The L4–5 level had the highest rate of subsidence at 12% (10 of 85 levels). Although this result, again, was not significant (p = 0.2731), it is similar to that reported in an earlier study by Marchi et al.,17 who noted the highest rate of subsidence at the L4–5 level, with 44.2% of Grade 0/I and 88.9% of Grade II/III subsidence occurring at L4–5 (p = 0.038). Although lumbar endplate strength increases from L1–2 to L4–5,27 L4–5 is technically the most challenging level because the lumbar plexus can dictate the anterior cage position and the height of the iliac crest can prevent parallel entry, often concurrently.

We found no statistically significant difference between any of the factors known to contribute to subsidence, including BMI, bone density, and posterior instrumentation (p > 0.05) (Table 2). However, there was a significantly higher number of smokers in the subsidence group (p = 0.05) than the no-subsidence group. Smoking is a potent cause of subsidence and nonunion in lumbar fusion surgery, because nicotine causes tissue hypoxia and is toxic to osteoblasts.11 Smoking has been shown to adversely affect lumbar fusion rates in patients treated with Infuse.8,14

Alternatively, DCS may have a different set of causative factors, such as Infuse-related osteolysis.20 This is of particular concern in the first 4–6 postoperative weeks during the initial recombinant human bone morphogenetic protein 2-induced osteoclastic inflammatory response and resorption phase before osteoblastic bone formation and consolidation, which can result in cage subsidence and screw loosening.25 However, there was no significant difference between the subsidence rates of our patients who received the osteobiologics, Infuse or AttraX (p = 0.4609). In addition, the 4.2-mg dose of Infuse used in our study was double the 2.1-mg dose used by Le et al.;12 however, the rates of subsidence within our study were similar (10% vs 14.3%, respectively).

We found that neither interbody fusion rates nor clinical outcomes were affected by radiographic subsidence. Despite the significant difference in fusion rates between the subsidence and no-subsidence groups at 6 months (0% and 30%, respectively; p = 0.0195), by 18 months the fusion rates for both groups were similar (73% and 88%, p = 0.1792). These fusion rates are comparable to the 12- and 24-month fusion rates of 67% and 86%, respectively, reported by March et al.17 and confirmed with CT images.

In our series there was no significant difference between the number of patients in the subsidence group and those in the no-subsidence groups who received clinical benefit from the procedure based on the MCID criteria6 (p > 0.05). Similar results were also reported by Marchi et al.;16 however, they did find a significant difference 6 weeks after surgery, suggesting that clinically relevant subsidence may result from transient pain caused by bony changes, which subsequently stabilizes over time.

Three classification systems for subsidence have been described in the literature. Le et al.12 simply identified whether subsidence, defined as any compromise of the endplate, was present. Sharma et al.24 combined location and severity to described 4 classes of subsidence. Marchi et al.17 referenced the amount of subsidence as a percentage of the cage height by using an increasing 4-point severity scale. However, Grade 0 was defined as including an intact endplate through to subsidence of 24%. We suggest measuring subsidence in millimeters and adding a description of cage orientation to make a clear distinction between ECS and DCS.

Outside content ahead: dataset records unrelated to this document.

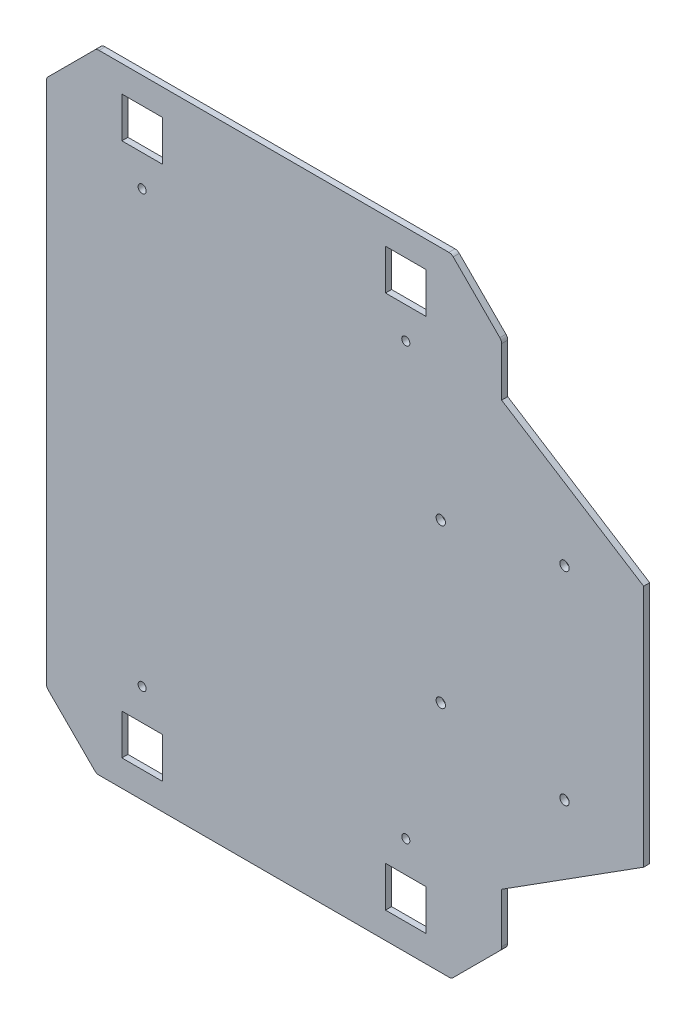
SolidWorks part; units mm, degrees
material "Pin"
ref_plane "Plan de dessus" through (0, 0, 0) normal (0, 0, 1) x (1, 0, 0)
ref_plane "Plan de droite" through (0, 0, 0) normal (0, 1, 0) x (1, 0, 0)
ref_plane "Plan de face" through (0, 0, 0) normal (1, 0, 0) x (0, 0, -1)
sketch "Esquisse1" plane through (0, 0, 0) normal (0, 0, 1) x (1, 0, 0)
  line L0 (0, 0) -> (-175, 0)
  line L1 (-175, 0) -> (-199.7487, 24.7487)
  line L2 (-199.7487, 24.7487) -> (-199.7487, 284.7487)
  line L3 (-199.7487, 284.7487) -> (-175, 309.4975)
  line L4 (-175, 309.4975) -> (0, 309.4975)
  line L5 (0, 309.4975) -> (24.7487, 284.7487)
  line L6 (24.7487, 284.7487) -> (24.7487, 24.7487)
  line L7 (24.7487, 24.7487) -> (0, 0)
  dimension "D1" = 260
  dimension "D2" = 35
  dimension "D3" = 135
  dimension "D4" = 175
extrude "Base" add sketch "Esquisse1" along normal blind 3
sketch "Esquisse2" plane through (0, 0, 3) normal (0, 0, 1) x (1, 0, 0)
  line L0 (-87.5, 309.4975) -> (-87.5, 0) construction
  line L5 (0, 309.4975) -> (-175, 309.4975) construction
  line L6 (-175, 0) -> (0, 0) construction
  line L7 (-199.7487, 154.7487) -> (24.7487, 154.7487) construction
  line L8 (-199.7487, 284.7487) -> (-199.7487, 24.7487) construction
  line L9 (24.7487, 24.7487) -> (24.7487, 284.7487) construction
  line L10 (-162.5, 13) -> (-142.5, 33) construction
  line L11 (-162.5, 276.4975) -> (-142.5, 276.4975)
  line L12 (-162.5, 276.4975) -> (-162.5, 296.4975)
  line L13 (-162.5, 296.4975) -> (-142.5, 296.4975)
  line L14 (-142.5, 276.4975) -> (-142.5, 296.4975)
  line L15 (-162.5, 276.4975) -> (-142.5, 296.4975) construction
  line L16 (-162.5, 296.4975) -> (-142.5, 276.4975) construction
  line L17 (-162.5, 33) -> (-142.5, 13) construction
  line L18 (-162.5, 13) -> (-142.5, 13)
  line L19 (-162.5, 33) -> (-162.5, 13)
  line L20 (-162.5, 33) -> (-142.5, 33)
  line L21 (-142.5, 33) -> (-142.5, 13)
  line L22 (-12.5, 13) -> (-32.5, 13)
  line L23 (-12.5, 33) -> (-32.5, 33)
  line L24 (-32.5, 33) -> (-32.5, 13)
  line L25 (-12.5, 33) -> (-32.5, 13) construction
  line L26 (-12.5, 13) -> (-32.5, 33) construction
  line L27 (-12.5, 33) -> (-12.5, 13)
  line L28 (-32.5, 276.4975) -> (-32.5, 296.4975)
  line L29 (-12.5, 276.4975) -> (-32.5, 296.4975) construction
  line L30 (-12.5, 296.4975) -> (-32.5, 276.4975) construction
  line L31 (-12.5, 276.4975) -> (-32.5, 276.4975)
  line L32 (-12.5, 276.4975) -> (-12.5, 296.4975)
  line L33 (-12.5, 296.4975) -> (-32.5, 296.4975)
  point P0 (-152.5, 286.4975)
  dimension "D1" = 20
  dimension "D2" = 65
  dimension "D3" = 23
extrude "Enlèv. mat.-Extru.1" cut sketch "Esquisse2" against normal through all
sketch "Esquisse4" plane through (0, 0, 3) normal (0, 0, 1) x (1, 0, 0)
  line L0 (-152.5, 276.4975) -> (-152.5, 260.9975) construction
  line L1 (-162.5, 276.4975) -> (-142.5, 276.4975) construction
  line L2 (-199.7487, 154.7487) -> (24.7487, 154.7487) construction
  line L3 (-199.7487, 284.7487) -> (-199.7487, 24.7487) construction
  line L4 (24.7487, 24.7487) -> (24.7487, 284.7487) construction
  line L5 (-87.5, 309.4975) -> (-87.5, 0) construction
  line L6 (0, 309.4975) -> (-175, 309.4975) construction
  line L7 (-175, 0) -> (0, 0) construction
  circle A0 centre (-152.5, 260.9975) radius 2
  circle A1 centre (-152.5, 48.5) radius 2
  circle A2 centre (-22.5, 260.9975) radius 2
  circle A3 centre (-22.5, 48.5) radius 2
  dimension "D2" = 4
  dimension "D1" = 15.5
extrude "Enlèv. mat.-Extru.4" cut sketch "Esquisse4" against normal blind 3
fillet "Congé1" radius 3 8 edges at (-199.7487, 24.7487, 1.5) (-175, 0, 1.5) (0, 0, 1.5) (24.7487, 24.7487, 1.5) (24.7487, 284.7487, 1.5) (0, 309.4975, 1.5) (-175, 309.4975, 1.5) (-199.7487, 284.7487, 1.5)
sketch "Esquisse6" plane through (0, 0, 3) normal (0, 0, 1) x (1, 0, 0)
  line L3 (24.7487, 25.9914) -> (24.7487, 283.5061) construction
  line L5 (24.7487, 214.9495) -> (24.7487, 94.548)
  line L7 (94.7487, 214.9495) -> (94.7487, 94.9495)
  line L8 (-199.7487, 283.5061) -> (-199.7487, 25.9914) construction
  line L9 (94.7487, 214.9495) -> (24.7487, 259.3691)
  line L10 (94.7487, 94.9495) -> (24.7487, 50.53)
  line L11 (24.7487, 259.3691) -> (24.7487, 214.9495)
  line L12 (24.7487, 50.53) -> (24.7487, 94.548)
  point P10 (-199.7487, 154.7487)
  point P11 (24.7487, 154.7487)
  dimension "D1" = 70
  dimension "D2" = 120
extrude "Boss.-Extru.2" add sketch "Esquisse6" against normal blind 3
sketch "Esquisse3" plane through (0, 0, 3) normal (0, 0, 1) x (1, 0, 0)
  line L0 (24.7487, 259.3691) -> (24.7487, 50.53) construction
  line L2 (89.7487, 154.1747) -> (-0.2513, 154.1747) construction
  line L3 (89.7487, 199.1747) -> (89.7487, 109.1747) construction
  line L4 (89.7487, 109.1747) -> (-0.2513, 109.1747) construction
  line L5 (-0.2513, 109.1747) -> (-0.2513, 199.1747) construction
  line L6 (-0.2513, 199.1747) -> (89.7487, 199.1747) construction
  line L7 (-199.6346, 154.1747) -> (-148.7423, 154.1747) construction
  line L10 (-199.5204, 24.8433) -> (-199.7487, 283.5061) construction
  circle A0 centre (-5.2513, 193.1747) radius 2.3
  circle A2 centre (55.7487, 204.1747) radius 2.3
  arc A4 (-199.7487, 25.9914) -> (-198.8701, 23.8701) centre (-196.7487, 25.9914) ccw construction
  circle A5 centre (-5.2513, 115.1747) radius 2.3
  circle A6 centre (55.7487, 104.1747) radius 2.3
  dimension "D5" = 4.6
  dimension "D10" = 4.6
  dimension "D1" = 90
  dimension "D2" = 90
  dimension "D3" = 65
  dimension "D6" = 5
  dimension "D7" = 6
  dimension "D8" = 34
  dimension "D9" = 5
extrude "trous lidar" cut sketch "Esquisse3" against normal blind 10

With our data, 3 types of subsidence were identified. Type 1 was cage subsidence into the contralateral caudal endplate without anterior cage tilt, which occurred in 14% of our DCS levels. Type 2 was the most common (64%) and involved bilateral cage subsidence into the anterior aspect of the caudal endplate, producing an anterior tilt of the cage. Type 3 was cage subsidence into both the caudal and cranial endplates bilaterally without cage tilt (21%). These types are consistent with those of the 20 cases of subsidence reported in the study by Le et al.,12 in which 14 patients (70%) had subsidence involving the caudal endplate and only 6 involved the cranial endplate. Of those 6 cranial endplate injuries, 4 involved both the caudal and cranial endplates. The isolated cranial endplate injuries (2 of 20 cases) were thought to be due to an aggressive surgical technique (J. S. Uribe, personal communication, 2013). Marchi et al.16 also reported similar results; subsidence occurred at the caudal endplate in 68% of the cases (p = 0.024), with both the anterior and posterior borders of the cages subsiding together rather than rotating into the endplate (p = 0.009).

From a pragmatic point of view, distinction between the different subsidence types may help predict their natural history and give surgeons more confidence to reassure and observe rather than to use supplemental fixation or other interventions such as vertebroplasty. Our limited experience suggests that caudal contralateral subsidence and combined caudal/cranial bilateral subsidence (Types 1 and 3, respectively) are benign injuries that fuse by 18 months. Caudal bilateral subsidence with anterior tilt (Type 2) requires supplemental fixation to arrest progression and facilitate fusion.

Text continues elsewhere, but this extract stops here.